We chose t=32 h as the time of one fermentation. When γ-polyglutamic acid production reaches the highest at t=32 h, m equals to 132 mM, which is shown in Figure 9. This result demonstrates we need to adjust the concentration of tetracycline to make the strains whose intracellular glutamate concentration below 132 mM to die, and the strains whose intracellular glutamate concentration is above this threshold can continue to survive. In that case, the maximum production increase is about 35%. We can also find the fact that production will drop quickly after its increase reaches the peak, which indicates that precise regulation of tetracycline is needed near the critical point in industrial production.
Figure 9: Relationship between total γ-polyglutamic acid production and threshold m at t=32 h. Only the bacteria whose intracellular glutamate concentration is greater than m can survive when tetracycline is added to the medium. Maximum production increase is achieved at m=132 mM.
References:
[1] Silvia Picossi, Boris R. Belitsky, and Abraham L. Sonenshein (2007). Molecular mechanism of the regulation of Bacillus subtilis gltAB expression by GltC. J Mol Biol, 365(5): 1298–1313.
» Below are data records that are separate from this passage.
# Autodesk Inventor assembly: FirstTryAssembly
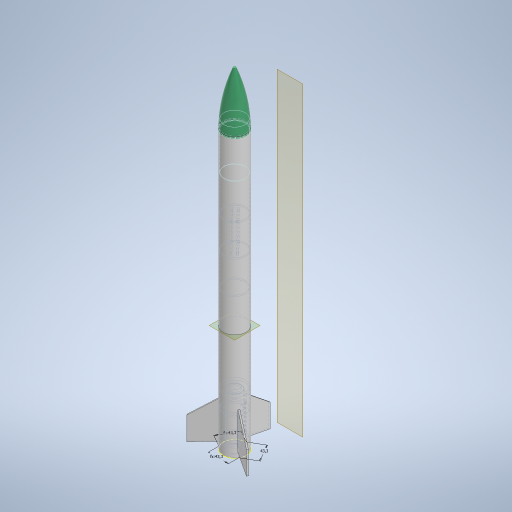
[picture p0: Inventor's stored thumbnail of the model, 512x512]
Saved by Autodesk Inventor 2023.2 (Build 272271000, 271)
## iProperties
Created: 2022-12-18
Part Number: FirstTryAssembly
Document SubType Name: Assembly
Designer: Admin
Author: Admin
## Documents named in this file (9)
- C:\Users\Admin\Desktop\PUT RocketLab\Rakietka\FirstTryAssembly.iam
- C:\Users\Admin\Desktop\PUT RocketLab\Rakietka\Korpus.ipt
- C:\Users\Admin\Desktop\PUT RocketLab\Rakietka\EngineBlock.ipt
- C:\Users\Admin\Desktop\PUT RocketLab\Rakietka\nose-cone.ipt
- C:\Users\Admin\Desktop\PUT RocketLab\Rakietka\PrzegrodaNaElektronike.ipt
- C:\Users\Admin\Desktop\PUT RocketLab\Rakietka\RuraWewnetrznaSilnik.ipt
- C:\Users\Admin\Desktop\PUT RocketLab\Rakietka\Stateczniki.ipt
- C:\Users\Admin\Desktop\PUT RocketLab\Rakietka\CenterRing.ipt
- C:\Users\Admin\Desktop\PUT RocketLab\Rakietka\koszyk na elektro.ipt
## Components (11 placed, 8 different names)
1. Korpus:1 — Mate:3, Mate:4, Mate:5, Mate:6, Mate:7, Mate:8, Flush:2, Mate:9, Flush:3, Mate:12, Mate:13, Flush:6, Mate:14, Mate:15, Mate:16, Mate:17, Mate:18, Mate:19
2. EngineBlock:1 — Mate:7, Flush:1
3. nose-cone:1 — Mate:12, Mate:21
4. RuraWewnetrznaSilnik:1 — Mate:3, Mate:6, Flush:1, Mate:20, Flush:7, Flush:8
5. Stateczniki:1 — Mate:4, Mate:5, Mate:13, Flush:6
6. Stateczniki:2 — Mate:14, Mate:15, Mate:16
7. Stateczniki:3 — Mate:17, Mate:18, Mate:19
8. CenterRing:1 — Mate:9, Flush:3
9. CenterRing:2 — Mate:8, Flush:2
10. koszyk na elektro:1 — Mate:20, Flush:7
11. PrzegrodaNaElektronike:1 — Mate:21, Flush:8
## Relationships (23: Mate 17, Flush 6)
- Mate:3: Korpus:1 ↔ RuraWewnetrznaSilnik:1
- Mate:4: Korpus:1 ↔ Stateczniki:1
- Mate:5: Korpus:1 ↔ Stateczniki:1
- Mate:6: Korpus:1 ↔ RuraWewnetrznaSilnik:1
- Mate:7: Korpus:1 ↔ EngineBlock:1
- Flush:1 (5 mm): EngineBlock:1 ↔ RuraWewnetrznaSilnik:1
- Mate:8: Korpus:1 ↔ CenterRing:2
- Flush:2 (17 mm): Korpus:1 ↔ CenterRing:2
- Mate:9: Korpus:1 ↔ CenterRing:1
- Flush:3 (75 mm): Korpus:1 ↔ CenterRing:1
- Mate:12: Korpus:1 ↔ nose-cone:1
- Mate:13: Korpus:1 ↔ Stateczniki:1
- Flush:6 (-10.5 mm): Korpus:1 ↔ Stateczniki:1
- Mate:14: Korpus:1 ↔ Stateczniki:2
- Mate:15: Korpus:1 ↔ Stateczniki:2
- Mate:16 (25 mm): Korpus:1 ↔ Stateczniki:2
- Mate:17: Korpus:1 ↔ Stateczniki:3
- Mate:18: Korpus:1 ↔ Stateczniki:3
- Mate:19 (25 mm): Korpus:1 ↔ Stateczniki:3
- Mate:20: RuraWewnetrznaSilnik:1 ↔ koszyk na elektro:1
- Flush:7 (370 mm): RuraWewnetrznaSilnik:1 ↔ koszyk na elektro:1
- Mate:21: nose-cone:1 ↔ PrzegrodaNaElektronike:1
- Flush:8 (300 mm): RuraWewnetrznaSilnik:1 ↔ PrzegrodaNaElektronike:1
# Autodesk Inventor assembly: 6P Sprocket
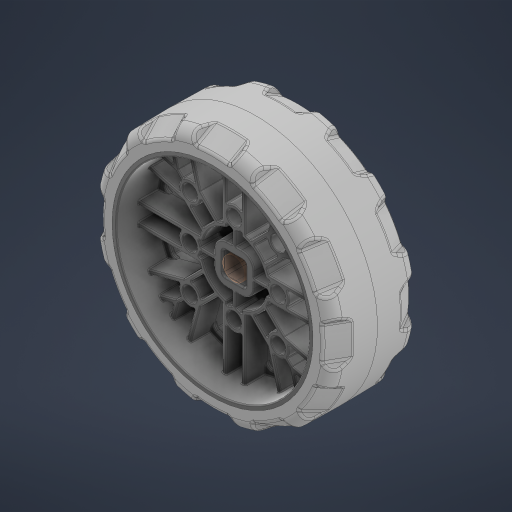
[picture p0: Inventor's stored thumbnail of the model, 512x512]
Saved by Autodesk Inventor 2024 (Build 280153000, 153)
## iProperties
Created: 2022-08-02
Part Number: 6P Sprocket
Document SubType Name: Assembly
Designer: ylu12
Author: ylu12
## Documents named in this file (3)
- D:\vex_robotics\hardware\cad\VEX-CAD-Inventor-1.41\Motion\Wheels\Traction Wheel\2.75 Traction AS, No Insert.iam
- D:\vex_robotics\hardware\cad\VEX-CAD-Inventor-1.41\Motion\Wheels\Reference Files\2.75 Traction Antistatic.ipt
- D:\vex_robotics\hardware\cad\VEX-CAD-Inventor-1.41\Motion\Wheels\Traction Wheel.iam
## Components (1 placed, 1 different names)
1. 2.75 Traction Antistatic:1 — Mate:17, Mate:18, Mate:19
## Relationships (3: Mate 3)
- Mate:17: 2.75 Traction Antistatic:1
- Mate:18: 2.75 Traction Antistatic:1
- Mate:19: 2.75 Traction Antistatic:1
## Named parameters: Thickness = 8.255 mm
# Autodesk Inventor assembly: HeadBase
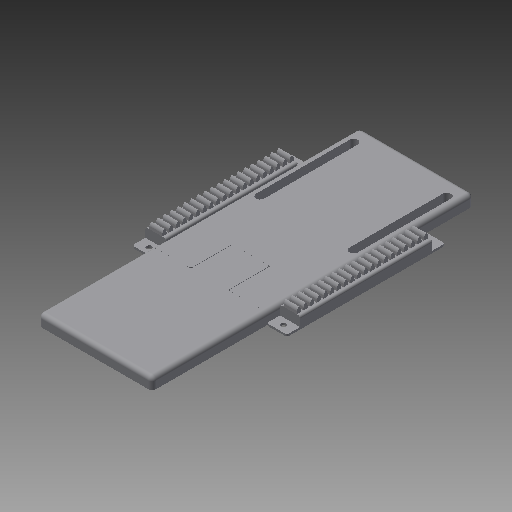
[picture p0: Inventor's stored thumbnail of the model, 512x512]
Saved by Autodesk Inventor 2018 (Build 220112000, 112)
## iProperties
Created: 2018-01-14
Part Number: HeadBase
Document SubType Name: Assembly
Designer: reide
Author: reide
## Documents named in this file (3)
- C:\Users\reide\OneDrive\Documents\Inventor\TSA\2018\Animatronics\Tortoise\Head\HeadBase.iam
- C:\Users\reide\OneDrive\Documents\Inventor\TSA\2018\Animatronics\Tortoise\Head\HeadBasePt1.iam
- C:\Users\reide\OneDrive\Documents\Inventor\TSA\2018\Animatronics\Tortoise\Head\HeadBasePt2.iam
## Components (2 placed, 2 different names)
1. HeadBasePt1:1 [sub-assembly] — Flush:1, Flush:2, Mate:1
2. HeadBasePt2:1 [sub-assembly] — Flush:1, Flush:2, Mate:1
## Relationships (3: Flush 2, Mate 1)
- Flush:1: HeadBasePt1:1 ↔ HeadBasePt2:1
- Flush:2: HeadBasePt1:1 ↔ HeadBasePt2:1
- Mate:1: HeadBasePt1:1 ↔ HeadBasePt2:1
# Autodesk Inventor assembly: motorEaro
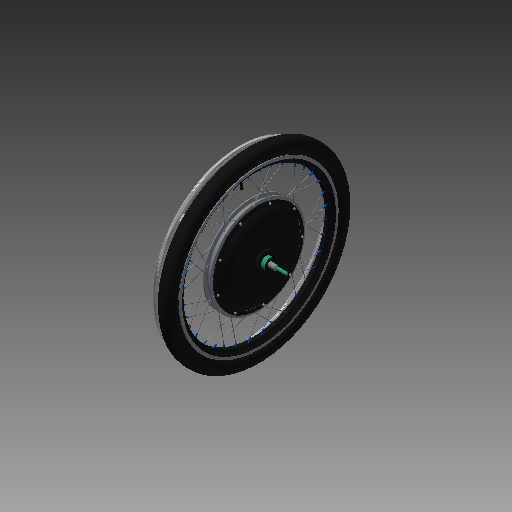
[picture p0: Inventor's stored thumbnail of the model, 512x512]
Saved by Autodesk Inventor 2017 (Build 210142000, 142)
## iProperties
Created: 2016-08-29
Part Number: motorEaro
Document SubType Name: Assembly
Designer: EriveltonDell
Author: EriveltonDell
## Documents named in this file (3)
- C:\Users\erive\Documents\GitHub\WheelchairDrawings\TEste\motorEaro.iam
- C:\Users\erive\Documents\GitHub\Power-Assisted-Wheelchair\Imported Components\Hub_Motor_MagicPie2_ASM\Hub_Motor_MagicPie2_ASM.iam
- C:\Users\erive\Documents\GitHub\WheelchairDrawings\TEste\Ciąg.iam
## Components (2 placed, 2 different names)
1. Hub_Motor_MagicPie2_ASM:1 [sub-assembly]
2. Ciąg:1 [sub-assembly]
## Relationships (1: Mate 1)
- [Mate]: Hub_Motor_MagicPie2_ASM:1 ↔ Ciąg:1
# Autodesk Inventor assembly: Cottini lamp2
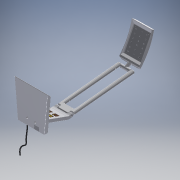
[picture p0: Inventor's stored thumbnail of the model, 180x180]
Saved by Autodesk Inventor 2016 (Build 200138000, 138)
## iProperties
Created: 2017-09-04
Part Number: Cottini lamp2
Document SubType Name: Assembly
Designer: Davide
Author: Davide
## Documents named in this file (25)
- C:\Users\Davide\Documents\Inventor\Lampetta\Lampetta.iam
- C:\Users\Davide\Documents\Inventor\Lampetta\base.ipt
- C:\Users\Davide\Documents\Inventor\Lampetta\rods_top-link.ipt
- C:\Users\Davide\Documents\Inventor\Lampetta\USB Case.ipt
- C:\Users\Davide\Documents\Inventor\Lampetta\cable.ipt
- C:\Users\Davide\Documents\Inventor\Lampetta\table.ipt
- C:\Users\Davide\Documents\Inventor\Lampetta\central_body.ipt
- C:\Users\Davide\Documents\Inventor\Lampetta\front_cover.ipt
- C:\Users\Davide\Documents\Inventor\Content Center Files\R2016\en-US\AS 1427(03)\AS 1427 - M2 x 5(1).ipt
- C:\Users\Davide\Documents\Inventor\Lampetta\Open_Book.ipt
- C:\Users\Davide\Documents\Inventor\Lampetta\projector.ipt
- C:\Users\Davide\Documents\Inventor\Lampetta\rods.ipt
- C:\Users\Davide\Documents\Inventor\Lampetta\rods_U-link.ipt
- C:\Users\Davide\Documents\Inventor\Content Center Files\R2016\en-US\AS 1112 (2)\AS 1112 - M4  Type 5.ipt
- C:\Users\Davide\Documents\Inventor\Content Center Files\R2016\en-US\AS 1427(05)\AS 1427 - M4 x 25(5) II.ipt
- C:\Users\Davide\Documents\Inventor\Content Center Files\R2016\en-US\AS 1420\AS 1420 - 1973 - M4 x 25.ipt
- C:\Users\Davide\Documents\Inventor\Content Center Files\R2016\en-US\AS 1112 (4)\AS 1112 - M4(2).ipt
- C:\Users\Davide\Documents\Inventor\Lampetta\button1.ipt
- C:\Users\Davide\Documents\Inventor\Lampetta\button2.ipt
- C:\Users\Davide\Documents\Inventor\Lampetta\button3.ipt
- C:\Users\Davide\Documents\Inventor\Lampetta\button4.ipt
- C:\Users\Davide\Documents\Inventor\Lampetta\USB-bay_cover.ipt
- C:\Users\Davide\Documents\Inventor\Lampetta\led_cover.ipt
- C:\Users\Davide\Documents\Inventor\Content Center Files\R2016\en-US\ANSI B18.6.5M(22)\ANSI B18.6.5M - M2x0,4 x 6(38).ipt
- C:\Users\Davide\Documents\Inventor\Lampetta\neopixel_6xled_strip.iam
## Components (42 placed, 24 different names)
1. base:1 — Mate:47, Mate:49, Mate:50, Mate:51, Mate:79, Flush:1, Mate:80, Mate:94, Mate:95, Mate:96, Mate:110, Mate:112, Mate:209, Mate:210, Mate:211
2. rods_top-link:1 — Mate:147, Mate:148, Mate:153, Mate:173, Mate:175, Mate:178, Mate:180, Mate:182, Mate:183
3. USB Case:1 — Mate:79, Flush:1, Mate:80
4. cable:1 — Mate:112
5. table:1 — Mate:94, Mate:146
6. central_body:1 — Mate:95, Mate:96, Mate:138, Mate:139, Mate:155, Mate:160, Mate:161, Mate:164, Mate:165, Mate:166, Mate:167, Mate:188, Mate:207, Mate:208
7. front_cover:1 — Flush:6, Flush:7, Mate:192, Flush:12, Mate:199, Mate:200, Flush:13, Mate:201, Mate:202, Flush:14, Mate:203, Mate:204, Flush:15, Mate:205, Mate:206, Mate:207, Mate:208
8. Open_Book:1 — Mate:146
9. projector:1 — Mate:147, Mate:148, Mate:214, Mate:215
10. rods:1 — Mate:149, Mate:150, Mate:151, Mate:153, Mate:169, Mate:170, Mate:171, Mate:172
11. rods_U-link:1 — Mate:149, Mate:150, Mate:151, Mate:155, Mate:168, Mate:185, Mate:187
12. button1:1 — Flush:12, Mate:199, Mate:200
13. button2:1 — Flush:13, Mate:201, Mate:202
14. button3:1 — Flush:14, Mate:203, Mate:204
15. button4:1 — Flush:15, Mate:205, Mate:206
16. USB-bay_cover:1 — Mate:209, Mate:210, Mate:211, Mate:212, Mate:213, Flush:16, Flush:17
17. led_cover:1 — Mate:214, Mate:215, Mate:216, Mate:217, Mate:218, Mate:219, Mate:220, Mate:221, Mate:222, Mate:223, Mate:226, Flush:18, Mate:227, Flush:19, Mate:228, Mate:229, Flush:20, Mate:230, Mate:231
18. neopixel_6xled_strip:1 [sub-assembly] — Mate:226, Flush:18, Mate:227
19. neopixel_6xled_strip:2 [sub-assembly] — Flush:20, Mate:230, Mate:231
20. neopixel_6xled_strip:3 [sub-assembly] — Flush:19, Mate:228, Mate:229
21. AS 1427 H - Metric M4 x 25:1 — Mate:47, Mate:51, Mate:158
22. AS 1427 H - Metric M4 x 25:2 — Mate:49, Mate:50, Mate:159
23. AS 1427 - Metric M2 x 5:2 — Mate:138, Flush:6, Mate:192
24. AS 1427 - Metric M2 x 5:3 — Mate:188
25. AS 1427 - Metric M2 x 5:6 — Mate:213, Flush:16
26. AS 1427 - Metric M2 x 5:7 — Mate:212, Flush:17
27. AS 1112 (2) - Metric M4  Type 5:1 — Mate:158, Mate:161
28. AS 1112 (2) - Metric M4  Type 5:2 — Mate:159, Mate:160
29. AS 1427 - Metric M2 x 5:4
30. AS 1427 - Metric M2 x 5:5 — Mate:139, Flush:7
31. AS 1420 - Metric M4 x 25:1 — Mate:164, Mate:167, Mate:184
32. AS 1420 - Metric M4 x 25:2 — Mate:165, Mate:166, Mate:168, Mate:186
33. AS 1420 - Metric M4 x 25:3 — Mate:169, Mate:170, Mate:175, Mate:178, Mate:179
34. AS 1420 - Metric M4 x 25:4 — Mate:171, Mate:172, Mate:173, Mate:181, Mate:182
35. AS 1112 (4) - Metric M4:1 — Mate:179, Mate:180
36. AS 1112 (4) - Metric M4:2 — Mate:181, Mate:183
37. AS 1112 (4) - Metric M4:3 — Mate:184, Mate:185
38. AS 1112 (4) - Metric M4:4 — Mate:186, Mate:187
39. Cross Recessed Pan Head Tapping Screw - Type D - Type I - Metric M2x0,4 x 6:1 — Mate:216, Mate:217
40. Cross Recessed Pan Head Tapping Screw - Type D - Type I - Metric M2x0,4 x 6:2 — Mate:218, Mate:219
41. Cross Recessed Pan Head Tapping Screw - Type D - Type I - Metric M2x0,4 x 6:3 — Mate:220, Mate:221
42. Cross Recessed Pan Head Tapping Screw - Type D - Type I - Metric M2x0,4 x 6:4 — Mate:222, Mate:223
## Relationships (93: Mate 81, Flush 12)
- Mate:47: base:1 ↔ AS 1427 H - Metric M4 x 25:1
- Mate:49: base:1 ↔ AS 1427 H - Metric M4 x 25:2
- Mate:50: base:1 ↔ AS 1427 H - Metric M4 x 25:2
- Mate:51: base:1 ↔ AS 1427 H - Metric M4 x 25:1
- Mate:79: base:1 ↔ USB Case:1
- Flush:1 (1 mm): base:1 ↔ USB Case:1
- Mate:80: base:1 ↔ USB Case:1
- Mate:94: base:1 ↔ table:1
- Mate:95: base:1 ↔ central_body:1
- Mate:96: base:1 ↔ central_body:1
- Mate:110: base:1
- Mate:112: base:1 ↔ cable:1
- Mate:138: central_body:1 ↔ AS 1427 - Metric M2 x 5:2
- Mate:139: central_body:1 ↔ AS 1427 - Metric M2 x 5:5
- Flush:6: front_cover:1 ↔ AS 1427 - Metric M2 x 5:2
- Flush:7: front_cover:1 ↔ AS 1427 - Metric M2 x 5:5
- Mate:146: table:1 ↔ Open_Book:1
- Mate:147: rods_top-link:1 ↔ projector:1
- Mate:148: rods_top-link:1 ↔ projector:1
- Mate:149: rods:1 ↔ rods_U-link:1
- Mate:150: rods:1 ↔ rods_U-link:1
- Mate:151: rods:1 ↔ rods_U-link:1
- Mate:153: rods_top-link:1 ↔ rods:1
- Mate:155: central_body:1 ↔ rods_U-link:1
- Mate:158: AS 1427 H - Metric M4 x 25:1 ↔ AS 1112 (2) - Metric M4  Type 5:1
- Mate:159: AS 1427 H - Metric M4 x 25:2 ↔ AS 1112 (2) - Metric M4  Type 5:2
- Mate:160: central_body:1 ↔ AS 1112 (2) - Metric M4  Type 5:2
- Mate:161: central_body:1 ↔ AS 1112 (2) - Metric M4  Type 5:1
- Mate:164: central_body:1 ↔ AS 1420 - Metric M4 x 25:1
- Mate:165: central_body:1 ↔ AS 1420 - Metric M4 x 25:2
- Mate:166 (-4 mm): central_body:1 ↔ AS 1420 - Metric M4 x 25:2
- Mate:167 (-4 mm): central_body:1 ↔ AS 1420 - Metric M4 x 25:1
- Mate:168: rods_U-link:1 ↔ AS 1420 - Metric M4 x 25:2
- Mate:169: rods:1 ↔ AS 1420 - Metric M4 x 25:3
- Mate:170 (-4 mm): rods:1 ↔ AS 1420 - Metric M4 x 25:3
- Mate:171: rods:1 ↔ AS 1420 - Metric M4 x 25:4
- Mate:172 (-4 mm): rods:1 ↔ AS 1420 - Metric M4 x 25:4
- Mate:173: rods_top-link:1 ↔ AS 1420 - Metric M4 x 25:4
- Mate:175: rods_top-link:1 ↔ AS 1420 - Metric M4 x 25:3
- [Mate]: AS 1420 - Metric M4 x 25:4 ↔ AS 1112 (4) - Metric M4:2
- [Mate]: rods_top-link:1 ↔ AS 1112 (4) - Metric M4:2
- Mate:178: rods_top-link:1 ↔ AS 1420 - Metric M4 x 25:3
- Mate:179: AS 1420 - Metric M4 x 25:3 ↔ AS 1112 (4) - Metric M4:1
- Mate:180: rods_top-link:1 ↔ AS 1112 (4) - Metric M4:1
- Mate:181: AS 1420 - Metric M4 x 25:4 ↔ AS 1112 (4) - Metric M4:2
- Mate:182: rods_top-link:1 ↔ AS 1420 - Metric M4 x 25:4
- Mate:183: rods_top-link:1 ↔ AS 1112 (4) - Metric M4:2
- Mate:184: AS 1420 - Metric M4 x 25:1 ↔ AS 1112 (4) - Metric M4:3
- Mate:185: rods_U-link:1 ↔ AS 1112 (4) - Metric M4:3
- Mate:186: AS 1420 - Metric M4 x 25:2 ↔ AS 1112 (4) - Metric M4:4
- Mate:187: rods_U-link:1 ↔ AS 1112 (4) - Metric M4:4
- Mate:188: central_body:1 ↔ AS 1427 - Metric M2 x 5:3
- Mate:192: front_cover:1 ↔ AS 1427 - Metric M2 x 5:2
- Flush:12: front_cover:1 ↔ button1:1
- Mate:199: front_cover:1 ↔ button1:1
- Mate:200: front_cover:1 ↔ button1:1
- Flush:13: front_cover:1 ↔ button2:1
- Mate:201: front_cover:1 ↔ button2:1
- Mate:202: front_cover:1 ↔ button2:1
- Flush:14: front_cover:1 ↔ button3:1
- Mate:203: front_cover:1 ↔ button3:1
- Mate:204: front_cover:1 ↔ button3:1
- Flush:15: front_cover:1 ↔ button4:1
- Mate:205: front_cover:1 ↔ button4:1
- Mate:206: front_cover:1 ↔ button4:1
- Mate:207: central_body:1 ↔ front_cover:1
- Mate:208: central_body:1 ↔ front_cover:1
- Mate:209: base:1 ↔ USB-bay_cover:1
- Mate:210: base:1 ↔ USB-bay_cover:1
- Mate:211: base:1 ↔ USB-bay_cover:1
- Mate:212: USB-bay_cover:1 ↔ AS 1427 - Metric M2 x 5:7
- Mate:213: USB-bay_cover:1 ↔ AS 1427 - Metric M2 x 5:6
- Flush:16: USB-bay_cover:1 ↔ AS 1427 - Metric M2 x 5:6
- Flush:17: USB-bay_cover:1 ↔ AS 1427 - Metric M2 x 5:7
- Mate:214: projector:1 ↔ led_cover:1
- Mate:215: projector:1 ↔ led_cover:1
- Mate:216: led_cover:1 ↔ Cross Recessed Pan Head Tapping Screw - Type D - Type I - Metric M2x0,4 x 6:1
- Mate:217: led_cover:1 ↔ Cross Recessed Pan Head Tapping Screw - Type D - Type I - Metric M2x0,4 x 6:1
- Mate:218: led_cover:1 ↔ Cross Recessed Pan Head Tapping Screw - Type D - Type I - Metric M2x0,4 x 6:2
- Mate:219: led_cover:1 ↔ Cross Recessed Pan Head Tapping Screw - Type D - Type I - Metric M2x0,4 x 6:2
- Mate:220: led_cover:1 ↔ Cross Recessed Pan Head Tapping Screw - Type D - Type I - Metric M2x0,4 x 6:3
- Mate:221: led_cover:1 ↔ Cross Recessed Pan Head Tapping Screw - Type D - Type I - Metric M2x0,4 x 6:3
- Mate:222: led_cover:1 ↔ Cross Recessed Pan Head Tapping Screw - Type D - Type I - Metric M2x0,4 x 6:4
- Mate:223: led_cover:1 ↔ Cross Recessed Pan Head Tapping Screw - Type D - Type I - Metric M2x0,4 x 6:4
- Mate:226: led_cover:1 ↔ neopixel_6xled_strip:1
- Flush:18: led_cover:1 ↔ neopixel_6xled_strip:1
- Mate:227: led_cover:1 ↔ neopixel_6xled_strip:1
- Flush:19: led_cover:1 ↔ neopixel_6xled_strip:3
- Mate:228: led_cover:1 ↔ neopixel_6xled_strip:3
- Mate:229: led_cover:1 ↔ neopixel_6xled_strip:3
- Flush:20: led_cover:1 ↔ neopixel_6xled_strip:2
- Mate:230: led_cover:1 ↔ neopixel_6xled_strip:2
- Mate:231: led_cover:1 ↔ neopixel_6xled_strip:2

[2] Katrin Gunka and Fabian M. Commichau*. Control of glutamate homeostasis in Bacillus subtilis: a complex interplay between ammonium assimilation, glutamate biosynthesis and degradation. Molecular Microbiology (2012) 85(2), 213–224.
[3] Mingfeng Cao, Weitao Geng, Li Liu, Cunjiang Song, Hui Xie, Wenbin Guo, Yinghong Jin, Shufang Wang (2011). Glutamic acid independent production of poly-c-glutamic acid by Bacillus amyloliquefaciens LL3 and cloning of pgsBCA genes. Bioresource Technology 102 (2011) 4251-4257.